Have truer words ever been spoken, ladies and gentlemen, in regards to our ongoing state of affairs? One could argue convincingly that our government has been corrupt since its inception, but when we overlay the timeworn narrative of rock n’ roll, starting with its derivation from blues and early and abating perception as “immoral” (a la jazz) and its subsequent offshoot into heavy metal, we arrive at a junction where the history of our nation and that of its music become inextricably intertwined. (See: the rise of Elvis under Eisenhower; the British Invasion under Johnson; the rise of Hendrix/Joplin/Morrison, as survivors of their counterpart in abrupt mortality, Kennedy, under Johnson and Nixon; the decline of Elvis under Nixon, the rise of hardcore and thrash under Reagan, etc.) Fast forward to the ’90s under Bill Clinton: As the middle class idles in obesity and disengaged happiness, the Disneyfication of America ensues via the saccharine pop stylings of the Backstreet Boys and Britney Spears while heavy metal debases itself as “nu-metal” via Korn and Limp Bizkit. The latter prove to be harbingers of decline under the next administration—not of music, but rather of the nation itself. Enter 9/11, Afghanistan, Iraq, the Patriot Act, etc. Meanwhile, extreme music gets fucking awesome during the Dubya years and the increasingly robust Internet Age with its attendant blogosphere, though now the coverage of said music (save for Decibel, of course) becomes more scattershot than ever. Hesse foresaw this as well: “A torrent of zealous scribbling poured out over every ephemeral incident, and in quality, assortment, and phraseology all this material bore the mark of mass goods rapidly and irresponsibly turned out.”

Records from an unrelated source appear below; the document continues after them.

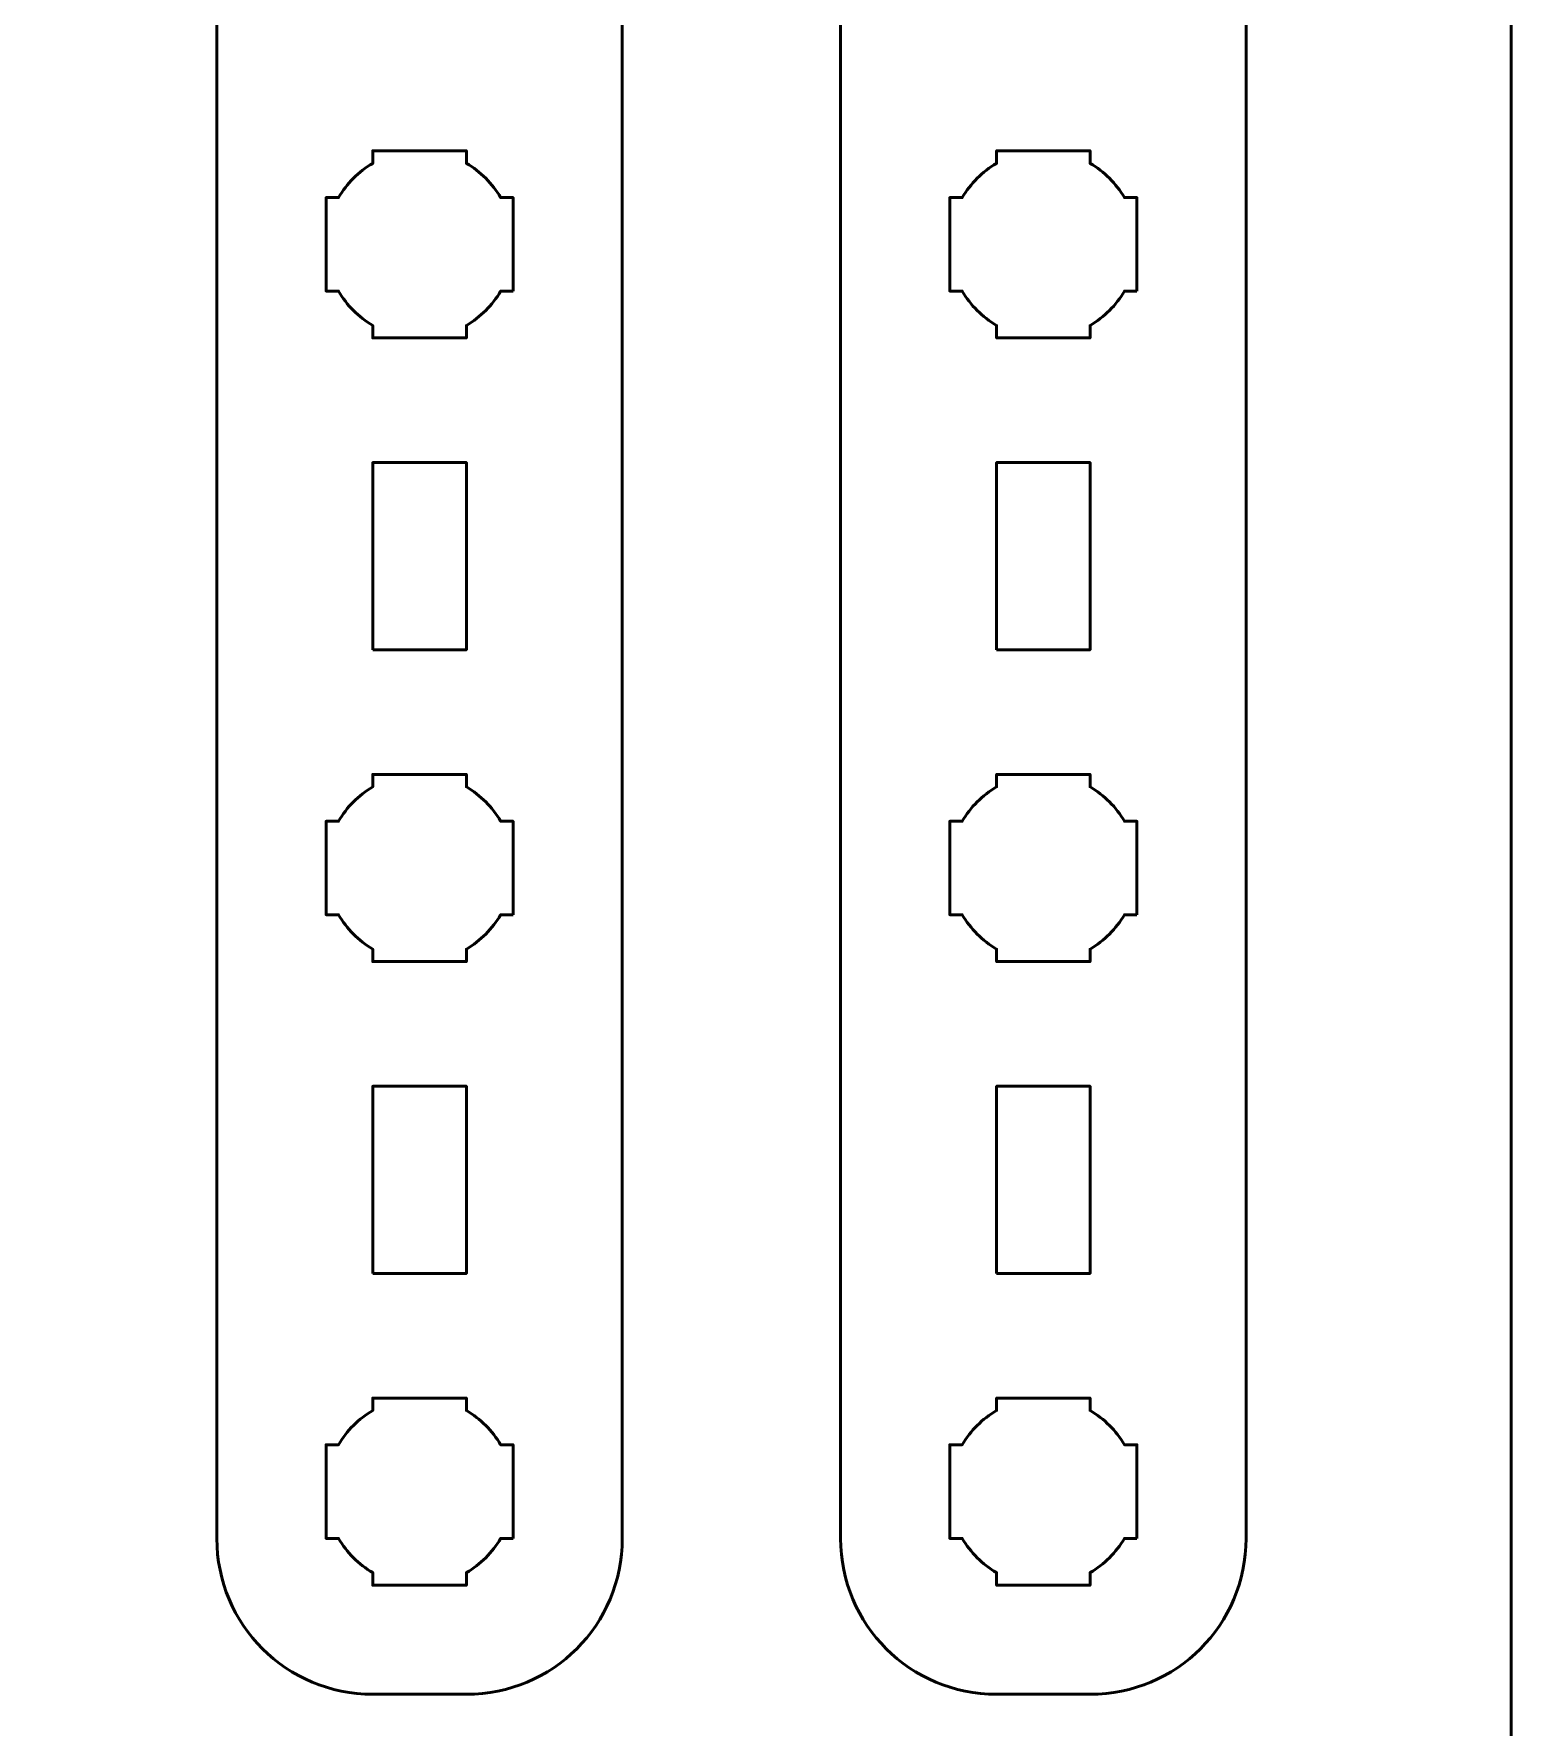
# Model space of a CAD drawing. Header units: centimetres. Extents: x -21 to 0, y -29.7 to 0.
# Drawn here: x -4.74 to 0, y -24.61 to -19.17 of the extents above; entities that cross this region are included whole.
import ezdxf

# ---------------------------------------------------------------- set-up
doc = ezdxf.new("R2010")
doc.units = ezdxf.units.CM
doc.header["$MEASUREMENT"] = 0
doc.layers.add('Layer 1', color=7, linetype='Continuous')

msp = doc.modelspace()

# ---------------------------------------------------------------- linework, layer by layer
at = {"layer": 'Layer 1', "color": 1, "lineweight": 53}
msp.add_open_spline([(-21.00003, -29.19995), (-21.00003, -29.19995), (-21.00003, -5.89992), (-21.00003, -5.89992), (-21.00003, -5.89992), (-21.00003, -5.81709), (-20.93286, -5.74992), (-20.85003, -5.74992), (-20.85003, -5.74992), (-20.7672, -5.74992), (-20.70003, -5.68275), (-20.70003, -5.59992), (-20.70003, -5.59992), (-20.70003, -5.51709), (-20.7672, -5.44992), (-20.85003, -5.44992), (-20.85003, -5.44992), (-20.93286, -5.44992), (-21.00003, -5.38275), (-21.00003, -5.29992), (-21.00003, -5.29992), (-21.00003, -5.21709), (-20.93286, -5.14992), (-20.85003, -5.14992), (-20.85003, -5.14992), (-20.7672, -5.14992), (-20.70003, -5.08275), (-20.70003, -4.99992), (-20.70003, -4.99992), (-20.70003, -4.91709), (-20.7672, -4.84992), (-20.85003, -4.84992), (-20.85003, -4.84992), (-20.93286, -4.84992), (-21.00003, -4.78275), (-21.00003, -4.69992), (-21.00003, -4.69992), (-21.00003, -4.61709), (-20.93286, -4.54992), (-20.85003, -4.54992), (-20.85003, -4.54992), (-20.7672, -4.54992), (-20.70003, -4.48275), (-20.70003, -4.39992), (-20.70003, -4.39992), (-20.70003, -4.31709), (-20.7672, -4.24992), (-20.85003, -4.24992), (-20.85003, -4.24992), (-20.93286, -4.24992), (-21.00003, -4.18275), (-21.00003, -4.09992), (-21.00003, -4.09992), (-21.00003, -4.01709), (-20.93286, -3.94992), (-20.85003, -3.94992), (-20.85003, -3.94992), (-20.7672, -3.94992), (-20.70003, -3.88275), (-20.70003, -3.79992), (-20.70003, -3.79992), (-20.70003, -3.71709), (-20.7672, -3.64992), (-20.85003, -3.64992), (-20.85003, -3.64992), (-20.93286, -3.64992), (-21.00003, -3.58275), (-21.00003, -3.49992), (-21.00003, -3.49992), (-21.00003, -3.41709), (-20.93286, -3.34992), (-20.85003, -3.34992), (-20.85003, -3.34992), (-20.7672, -3.34992), (-20.70003, -3.28275), (-20.70003, -3.19992), (-20.70003, -3.19992), (-20.70003, -3.11709), (-20.7672, -3.04992), (-20.85003, -3.04992), (-20.85003, -3.04992), (-20.93286, -3.04992), (-21.00003, -2.98275), (-21.00003, -2.89992), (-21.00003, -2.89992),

As a nation, it appears we have made yet another cultural flip-flop under the patronage of Barack Obama. While our political future seems at least somewhat more auspicious, bad music has again proliferated on both sides of the mainstream/underground divide, polluting the pages of publications both print (sadly, even of Decibel, though the offenders are generally called out as such) and digital. What does this mean for our beloved heavy metal? And in terms of America’s future as the lone superpower cowering in the long economic and military shadow of China? Again, Hesse gave us the answer almost 70 years ago: “We recall that in the legendary China of the Old Kings, music was accorded a dominant place in state and court. It held that if music throve, all was well with culture and morality and with the kingdom itself… If music decayed, that was taken as a sure sign of the downfall of the regime and state. The poets told horrific fables about the forbidden, diabolic, heaven-offending keys, such as the Tsing Shang key, and Tsing Tse, the ‘music of decline’; no sooner were these wicked notes struck in the Royal Palace than the sky darkened, the walls trembled and collapsed, and kingdom and sovereign went to their doom.”